**EXERCISE DIRECTIONS**: Beneath this instruction is a block of data; output from it exactly the lines that run from the one containing "of L0.start L0.end" through the one containing "lines of L0 L6", inclusive.
------------------------------
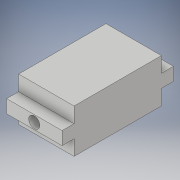
# Autodesk Inventor part: FrameSpacer
Saved by Autodesk Inventor 2017 (Build 210142000, 142)
## iProperties
Created: 2017-09-23
Part Number: FrameSpacer
Material: Generic
Document SubType Name: Modeling
Designer: User
Density: 1 g/cm^3
Appearance: Default
Author: User
Autodesk Inventor part; units mm, degrees
ref_plane "YZ Plane" through (0, 0, 0) normal (1, 0, 0) x (0, 1, 0)
ref_plane "XZ Plane" through (0, 0, 0) normal (0, 1, 0) x (-1, 0, 0)
ref_plane "XY Plane" through (0, 0, 0) normal (0, 0, 1) x (1, 0, 0)
sketch "Sketch1" plane through (0, 0, 0) normal (1, 0, 0) x (0, 1, 0)
  line L0 (20, 0) -> (20, -40.0304)
  line L1 (20, -40.0304) -> (0, -40.0304)
  line L2 (0, -40.0304) -> (0, 0)
  line L3 (12.9972, 0) -> (7.0028, 0)
  line L4 (7.0028, 0) -> (7.0028, 5.5118)
  line L5 (7.0028, 5.5118) -> (12.9972, 5.5118)
  line L6 (12.9972, 5.5118) -> (12.9972, 0)
  line L7 (12.9972, -40.0304) -> (7.0028, -40.0304)
  line L8 (7.0028, -40.0304) -> (7.0028, -45.5422)
  line L9 (7.0028, -45.5422) -> (12.9972, -45.5422)
  line L10 (12.9972, -45.5422) -> (12.9972, -40.0304)
  line L11 (0, 0) -> (7.0028, 0)
  line L12 (12.9972, 0) -> (20, 0)
  dimension "d0" = 20
  dimension "d1" = 40.0304
  dimension "d2" = 5.5118
  dimension "d3" = 5.9944
  dimension "d4" = 5.5118
  dimension "d5" = 7.0028
  dimension "d6" = 7.0028
  dimension "d7" = 5.9944
  constraints: 26 end point, 7 parallel, 4 horizontal, 4 perpendicular, 1 point on line
  measures "d0" distance of L0.end L1.end
  measures "d1" distance of L0.start L0.end
  measures "d2" distance of L3.end L4.end
  measures "d3" distance of L4.end L5.end
  measures "d4" distance of L7.end L8.end
  measures "d5" distance between parallel lines of L0 L6
  measures "d6" distance between parallel lines of L0 L10
  measures "d7" distance of L8.end L9.end
extrude "Extrusion1" add sketch "Sketch1" along normal blind 25.4
sketch "Sketch2" plane through (0, 7.0028, 5.5118) normal (0, 0, 1) x (1, 0, 0)
  line L0 (0, 5.9944) -> (25.4, 5.9944) projected
  line L1 (25.4, 12.9972) -> (25.4, 5.9944) projected
  line L2 (0, 12.9972) -> (25.4, 12.9972) projected
  line L3 (0, 12.9972) -> (0, 5.9944) projected
  line L4 (0, 5.9944) -> (0, 0) projected
  line L5 (0, 0) -> (25.4, 0) projected
  line L6 (25.4, 5.9944) -> (25.4, 0) projected
  line L7 (0, 5.9944) -> (25.4, 5.9944) projected
  line L8 (0, 0) -> (25.4, 0) projected
  line L9 (0, 0) -> (0, -7.0028) projected
  line L10 (0, -7.0028) -> (25.4, -7.0028) projected
  line L11 (25.4, 0) -> (25.4, -7.0028) projected
  circle A0 centre (12.7, 2.9972) radius 2.54
  dimension "d10" = 5.08
  constraints: 1 centre point
  measures "d10" diameter of A0
extrude "Extrusion2" cut sketch "Sketch2" against normal blind 127 contours A0
equation "\"d4\" = d2"
equation "\"d5\" = 0.5 * d0 - 0.5 * d3"
equation "\"d6\" = d5"
equation "\"d7\" = d3"
body "Solid1"
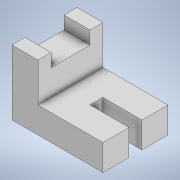
# Autodesk Inventor part: 10-18-19 A
Saved by Autodesk Inventor 2020 (Build 240168000, 168)
## iProperties
Created: 2019-10-18
Part Number: 10-18-19 A
Material: Generic
Document SubType Name: Modeling
Designer: cks4a449
Density: 1 g/cm^3
Appearance: Default
Author: cks4a449
Autodesk Inventor part; units mm, degrees
ref_plane "YZ Plane" through (0, 0, 0) normal (1, 0, 0) x (0, 1, 0)
ref_plane "XZ Plane" through (0, 0, 0) normal (0, 1, 0) x (-1, 0, 0)
ref_plane "XY Plane" through (0, 0, 0) normal (0, 0, 1) x (1, 0, 0)
sketch "Sketch1" plane through (0, 0, 0) normal (0, 0, 1) x (1, 0, 0)
  line L0 (0, 0) -> (9.2453, 0)
  line L1 (0, 0) -> (177.8, 0)
  line L2 (177.8, 0) -> (177.8, 50.8)
  line L3 (177.8, 50.8) -> (50.8, 50.8)
  line L4 (50.8, 50.8) -> (50.8, 127)
  line L5 (50.8, 127) -> (0, 127)
  line L6 (0, 127) -> (0, 0)
  dimension "d0" = 177.8
  dimension "d1" = 50.8
  dimension "d2" = 127
  dimension "d3" = 76.2
  dimension "d4" = 50.8
  constraints: 14 end point, 3 perpendicular, 2 horizontal, 1 point on line
  measures "d0" distance of L0.start L1.end
  measures "d1" distance of L1.end L2.end
  measures "d2" distance of L2.end L3.end
  measures "d3" distance of L3.end L4.end
  measures "d4" distance of L4.end L5.end
extrude "Extrusion1" add sketch "Sketch1" along normal blind 127
sketch "Sketch2" plane through (177.8, 0, 0) normal (1, 0, 0) x (0, 0, -1)
  line L0 (0, 50.8) -> (-127, 50.8) projected
  line L1 (-63.5, 50.8) -> (-50.8, 50.8)
  line L2 (-50.8, 50.8) -> (-76.2, 50.8)
  line L3 (-76.2, 50.8) -> (-76.2, 0)
  line L4 (-76.2, 0) -> (-50.8, 0)
  line L5 (-50.8, 0) -> (-50.8, 50.8)
  point P0 (0, 0)
  dimension "d7" = 12.7
  dimension "d8" = 25.4
  dimension "d9" = 50.8
  constraints: 10 end point, 2 parallel, 1 horizontal, 1 midpoint, 1 perpendicular, 1 point on line
  measures "d7" distance of L1.start L1.end
  measures "d8" distance of L4.end L3.end
  measures "d9" distance of L3.end L2.end
extrude "Extrusion2" cut sketch "Sketch2" against normal blind 76.2
sketch "Sketch3" plane through (0, 127, 0) normal (0, 1, 0) x (1, 0, 0)
  line L0 (0, 0) -> (0, -127) projected
  line L1 (0, -63.5) -> (0, -101.6)
  line L2 (0, -101.6) -> (50.8, -101.6)
  line L3 (50.8, -101.6) -> (50.8, -25.4)
  line L4 (50.8, -25.4) -> (0, -25.4)
  line L5 (0, -25.4) -> (0, -101.6)
  dimension "d12" = 38.1
  dimension "d13" = 50.8
  dimension "d14" = 76.2
  constraints: 10 end point, 2 parallel, 1 horizontal, 1 midpoint, 1 perpendicular, 1 point on line
  measures "d12" distance of L1.start L1.end
  measures "d13" distance of L4.end L3.end
  measures "d14" distance of L3.end L2.end
extrude "Extrusion3" cut sketch "Sketch3" against normal blind 25.4
body "Solid1"
------------------------------
**YOUR SOLUTION**:
  measures "d1" distance of L0.start L0.end
  measures "d2" distance of L3.end L4.end
  measures "d3" distance of L4.end L5.end
  measures "d4" distance of L7.end L8.end
  measures "d5" distance between parallel lines of L0 L6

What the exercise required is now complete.